What would be best for the story, my readers tell me, is a little song and dance, some flowers and whole-hearted reciprocation of the professions of undying love we have already discussed in previous chapters. A lot of correspondence I receive from my adoring faithful complains of a feeling of being short-changed. Too long, they say, have I subjected them to dry spells of unrequited love on the part of our protagonist. The general trend the last few chapters have established is one of overall ineffectuality on his part. Our hero, it seems, runs a very real risk of being branded a Wuss.

Understandably, that was not the intention we started out with. When we began we had envisioned a Magnum Opus – the story of a Prince among Men, an Influencer of World Events, the Uber-Mensch Nietzsche spoke of. It is safe, now, to divulge that the story was supposed to pick up in his thirtieth year and, thereafter, he would have enjoyed the two most productive decades anyone has seen barring, perhaps, Einstein and da Vinci. We would never, explicitly, have spoken of The End and, after his fiftieth birthday, the narrative would have jumped to the next generation; kind of like how The Phantom is succeeded by The Son of The Phantom but the unsuspecting Public can never tell the difference. Such would have been our hero’s legacy.

In light of such an epic backdrop you can sense the chagrin of our readers seeing how the highlight of the last six years – certainly the entirety of our hero’s productive life – has been pining for a heroine they do not completely fathom. The blame, of course, lies squarely on the shoulders of this chronicler but, as I have pointed out previously, when protagonist and chronicler become one the waters of the narrative tend to muddy rather than clarify. It has been said that our hero seems in love more with a concept rather than an actual person and there is some substance to this charge.

In one of the ancillary volumes – to where we have relegated the less scintillating events of our hero’s biopic – we talked about how the two central characters have met only a handful of times and how most of the jolly back and forth has happened over, either, the telephone or the Internet. What we have neglected to mention, even in the secondary volumes, is how when our hero dreams of our heroine the dreams are, usually, about e-mails from here rather than of her in person. I will go so far as to reveal that he dreads these e-mails fearing that each may be the last.

This is no Internet Romance, however; in so much as it can be called a romance. There is substance to this below the, seemingly, non-descript facade. However, to exhibit the substance explicitly would be to undermine all that has been achieved thus far. The subtlety with which this Romance-of-the-Ages has played out has escaped all but the most discerning of my readership. And, surely, the reward for such insight cannot be for me to flush the subtlety down the proverbial drain.

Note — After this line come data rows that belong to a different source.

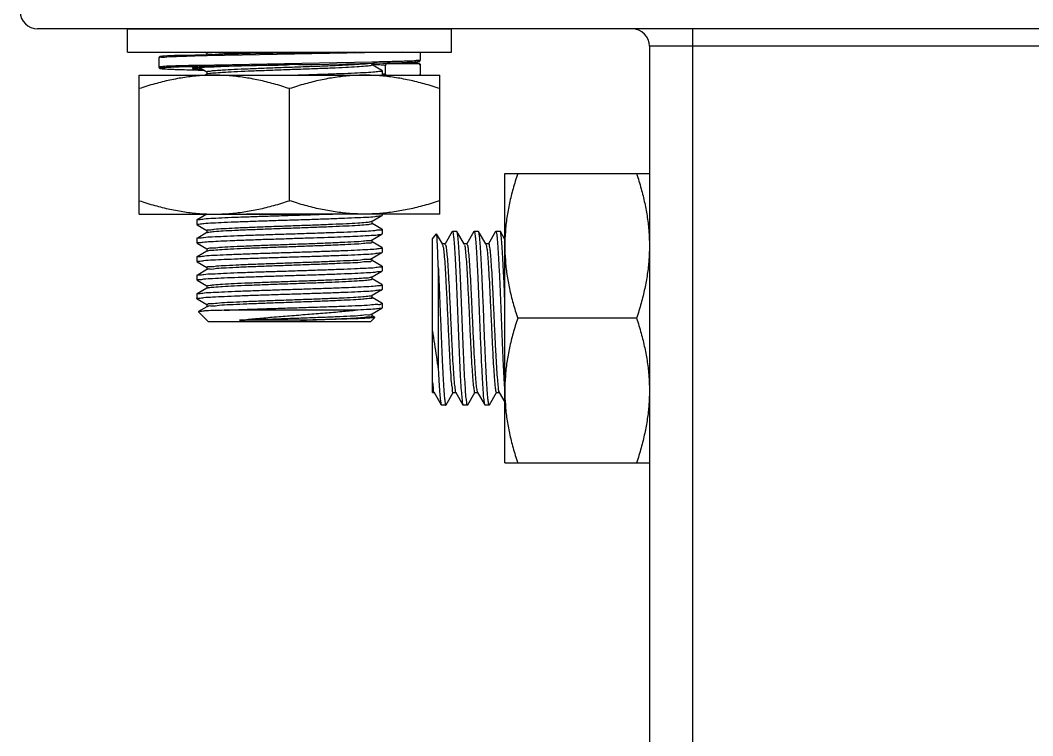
# Model space of a CAD drawing. Extents: x 815029915 to 815825525, y 579155098 to 579748855.
# Drawn here: x 815613078.8 to 815613444.7, y 579331408.7 to 579331667.2 of the extents above; entities that cross this region are included whole.
import ezdxf

# ---------------------------------------------------------------- set-up
doc = ezdxf.new("R2010")
doc.units = 0
doc.header["$LTSCALE"] = 100
doc.header["$MEASUREMENT"] = 0
doc.layers.add('02___PRT_ALL_AXES', color=7, linetype='Continuous')
doc.layers.add('03___PRT_ALL_CURVES', color=7, linetype='Continuous')

msp = doc.modelspace()

# ---------------------------------------------------------------- linework, layer by layer
at = {"color": 0, "linetype": 'Continuous'}
for p, q in [((815613804.28, 579331664.05), (815613085.09, 579331664.05)), ((815613321.85, 579331245.92), (815613321.85, 579331664.05)), ((815613145.51, 579331655.69), (815613146.27, 579331655.24)), ((815613146.29, 579331655.27), (815613146.29, 579331654.72)), ((815613209.52, 579331655.48), (815613146.35, 579331654.31)), ((815613176.21, 579331655.27), (815613157.73, 579331654.95)), ((815613176.21, 579331655.27), (815613176.12, 579331655.27)), ((815613199.52, 579331655.69), (815613176.21, 579331655.27)), ((815613180.25, 579331655.36), (815613176.21, 579331655.27)), ((815613179.18, 579331655.34), (815613176.21, 579331655.27)), ((815613193.78, 579331655.69), (815613179.18, 579331655.34)), ((815613188.34, 579331655.55), (815613180.25, 579331655.36)), ((815613193.78, 579331655.69), (815613188.34, 579331655.55)), ((815613209.57, 579331655.48), (815613209.52, 579331655.48)), ((815613209.69, 579331655.48), (815613209.57, 579331655.48)), ((815613210.82, 579331655.51), (815613209.69, 579331655.48)), ((815613216.98, 579331655.69), (815613210.82, 579331655.51)), ((815613223.37, 579331655.69), (815613223.37, 579331652.76)), ((815613306.17, 579331657.78), (815613306.17, 579331252.19)), ((815613583.19, 579331657.78), (815613306.17, 579331657.78)), ((815613128.87, 579331653.6), (815613128.87, 579331650.25)), ((815613146, 579331654.3), (815613141.85, 579331654.2)), ((815613205.89, 579331652.05), (815613142.71, 579331650.88)), ((815613175.25, 579331651.07), (815613142.98, 579331650.46)), ((815613146.29, 579331654.31), (815613146, 579331654.3)), ((815613164.13, 579331650.81), (815613172.07, 579331651)), ((815613172.07, 579331651), (815613175.25, 579331651.07)), ((815613176.12, 579331651.09), (815613175.25, 579331651.07)), ((815613176.12, 579331651.09), (815613175.25, 579331651.07)), ((815613179.41, 579331651.14), (815613176.12, 579331651.09)), ((815613179.41, 579331651.14), (815613184.17, 579331651.23)), ((815613184.17, 579331651.23), (815613196.57, 579331651.45)), ((815613196.57, 579331651.45), (815613211.44, 579331651.77)), ((815613205.95, 579331652.05), (815613205.89, 579331652.05)), ((815613206.24, 579331652.06), (815613205.95, 579331652.05)), ((815613205.95, 579331651.09), (815613205.95, 579331651.64)), ((815613209.52, 579331649.06), (815613205.96, 579331651.11)), ((815613211.44, 579331651.77), (815613214.22, 579331651.85)), ((815613211.45, 579331651.51), (815613222.95, 579331651.51)), ((815613214.22, 579331651.85), (815613217.01, 579331651.94)), ((815613217.01, 579331651.94), (815613218.63, 579331652)), ((815613218.63, 579331652), (815613219.51, 579331652.03)), ((815613219.51, 579331652.03), (815613220.26, 579331652.07)), ((815613220.26, 579331652.07), (815613220.89, 579331652.1)), ((815613220.89, 579331652.1), (815613221.41, 579331652.14)), ((815613223.37, 579331651.09), (815613223.37, 579331651.1)), ((815613223.37, 579331651.09), (815613223.37, 579331647.74)), ((815613132.34, 579331649.54), (815613133.25, 579331649.5)), ((815613133.25, 579331649.5), (815613134.3, 579331649.46)), ((815613134.3, 579331649.46), (815613136.22, 579331649.39)), ((815613136.22, 579331649.39), (815613139.53, 579331649.3)), ((815613139.53, 579331649.3), (815613145.24, 579331649.15)), ((815613142.71, 579331650.88), (815613142.66, 579331650.88)), ((815613142.72, 579331650.45), (815613142.67, 579331650.45)), ((815613142.98, 579331650.46), (815613142.72, 579331650.45)), ((815613143.44, 579331650.13), (815613142.77, 579331650.02)), ((815613143.04, 579331650.11), (815613143.69, 579331650.15)), ((815613143.54, 579331650.15), (815613143.44, 579331650.13)), ((815613143.54, 579331650.14), (815613146.27, 579331648.55)), ((815613143.69, 579331650.15), (815613144.46, 579331650.19)), ((815613144.46, 579331650.19), (815613145.35, 579331650.24)), ((815613145.35, 579331650.24), (815613146.96, 579331650.31)), ((815613146.35, 579331647.81), (815613145.51, 579331647.33)), ((815613146.29, 579331648.58), (815613146.29, 579331647.81)), ((815613146.36, 579331647.79), (815613146.49, 579331647.85)), ((815613146.96, 579331650.31), (815613148.93, 579331650.38)), ((815613148.93, 579331650.38), (815613151.33, 579331650.46)), ((815613151.33, 579331650.46), (815613154.17, 579331650.55)), ((815613154.17, 579331650.55), (815613158.71, 579331650.67)), ((815613158.71, 579331650.67), (815613164.13, 579331650.81)), ((815613209.57, 579331649), (815613209.52, 579331649.06)), ((815613209.57, 579331647.57), (815613210.03, 579331647.53)), ((815613210.82, 579331647.74), (815613210.82, 579331650.88)), ((815613210.82, 579331647.74), (815613210.82, 579331647.73)), ((815613210.82, 579331647.73), (815613210.95, 579331647.45)), ((815613210.95, 579331647.45), (815613211, 579331647.4)), ((815613211, 579331647.4), (815613211.24, 579331647.33)), ((815613146.29, 579331597.15), (815613142.72, 579331595.08)), ((815613205.95, 579331594.57), (815613209.52, 579331596.64)), ((815613209.52, 579331596.64), (815613209.57, 579331596.7)), ((815613142.67, 579331595.03), (815613142.72, 579331595.08)), ((815613142.72, 579331593.29), (815613146.27, 579331591.24)), ((815613205.49, 579331594.42), (815613205.86, 579331594.59)), ((815613205.89, 579331594.54), (815613205.95, 579331594.57)), ((815613205.95, 579331593.77), (815613205.95, 579331594.54)), ((815613209.52, 579331591.74), (815613205.96, 579331593.8)), ((815613146.29, 579331590.46), (815613142.72, 579331588.39)), ((815613146.29, 579331591.26), (815613146.29, 579331590.49)), ((815613146.35, 579331590.49), (815613146.29, 579331590.46)), ((815613146.35, 579331590.49), (815613146.48, 579331590.54)), ((815613205.95, 579331587.88), (815613209.52, 579331589.95)), ((815613209.57, 579331591.68), (815613209.52, 579331591.74)), ((815613209.52, 579331589.95), (815613209.57, 579331590.01)), ((815613227.77, 579331588.26), (815613229.18, 579331590.02)), ((815613229.23, 579331590.01), (815613229.18, 579331590.02)), ((815613231.35, 579331586.35), (815613229.23, 579331590.01)), ((815613234.88, 579331590.8), (815613232.31, 579331586.37)), ((815613234.88, 579331590.8), (815613234.96, 579331590.88)), ((815613236.62, 579331590.8), (815613236.53, 579331590.88)), ((815613239.19, 579331586.35), (815613236.62, 579331590.8)), ((815613242.72, 579331590.8), (815613240.15, 579331586.37)), ((815613242.72, 579331590.8), (815613242.8, 579331590.88)), ((815613244.46, 579331590.8), (815613244.37, 579331590.88)), ((815613247.03, 579331586.35), (815613244.46, 579331590.8)), ((815613250.56, 579331590.8), (815613247.99, 579331586.37)), ((815613250.56, 579331590.8), (815613250.64, 579331590.88)), ((815613252.3, 579331590.8), (815613252.21, 579331590.88)), ((815613253.91, 579331588.02), (815613252.3, 579331590.8)), ((815613142.67, 579331588.34), (815613142.72, 579331588.39)), ((815613142.72, 579331586.6), (815613146.27, 579331584.55)), ((815613205.89, 579331587.85), (815613205.95, 579331587.88)), ((815613205.95, 579331587.08), (815613205.95, 579331587.85)), ((815613209.52, 579331585.05), (815613205.96, 579331587.11)), ((815613227.77, 579331532.68), (815613227.77, 579331588.26)), ((815613231.29, 579331586.18), (815613231.34, 579331586.1)), ((815613231.4, 579331586.26), (815613231.35, 579331586.35)), ((815613232.35, 579331586.35), (815613231.4, 579331586.35)), ((815613239.24, 579331586.26), (815613239.19, 579331586.35)), ((815613240.19, 579331586.35), (815613239.24, 579331586.35)), ((815613247.08, 579331586.26), (815613247.03, 579331586.35)), ((815613248.03, 579331586.35), (815613247.08, 579331586.35)), ((815613142.67, 579331581.65), (815613142.72, 579331581.7)), ((815613146.29, 579331583.77), (815613142.72, 579331581.7)), ((815613146.29, 579331584.57), (815613146.29, 579331583.8)), ((815613146.35, 579331583.8), (815613146.29, 579331583.77)), ((815613205.95, 579331581.19), (815613209.52, 579331583.26)), ((815613209.57, 579331584.99), (815613209.52, 579331585.05)), ((815613209.52, 579331583.26), (815613209.57, 579331583.32)), ((815613142.72, 579331579.91), (815613146.27, 579331577.86)), ((815613146.29, 579331577.88), (815613146.29, 579331577.11)), ((815613205.76, 579331581.11), (815613205.79, 579331581.19)), ((815613205.89, 579331581.16), (815613205.95, 579331581.19)), ((815613205.95, 579331580.39), (815613205.95, 579331581.16)), ((815613209.52, 579331578.36), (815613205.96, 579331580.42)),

All are in agreement, though, that our heroine is a keeper. The little we have glimpsed of her has been enough to convince all but the most ardent sceptics that our hero could not have found a worthier foil. There are hints of royalty in her blood – true royalty and not the, merely, titular, aspiring type – but not enough for her to lose the Common Touch. Her eyes, it is fabled, speak of mountain mists and ocean breezes, all at once. The wisps of her hair trail off as, surely, the manes of unicorns must. And to actually hear her speak must feel like being in the presence of God.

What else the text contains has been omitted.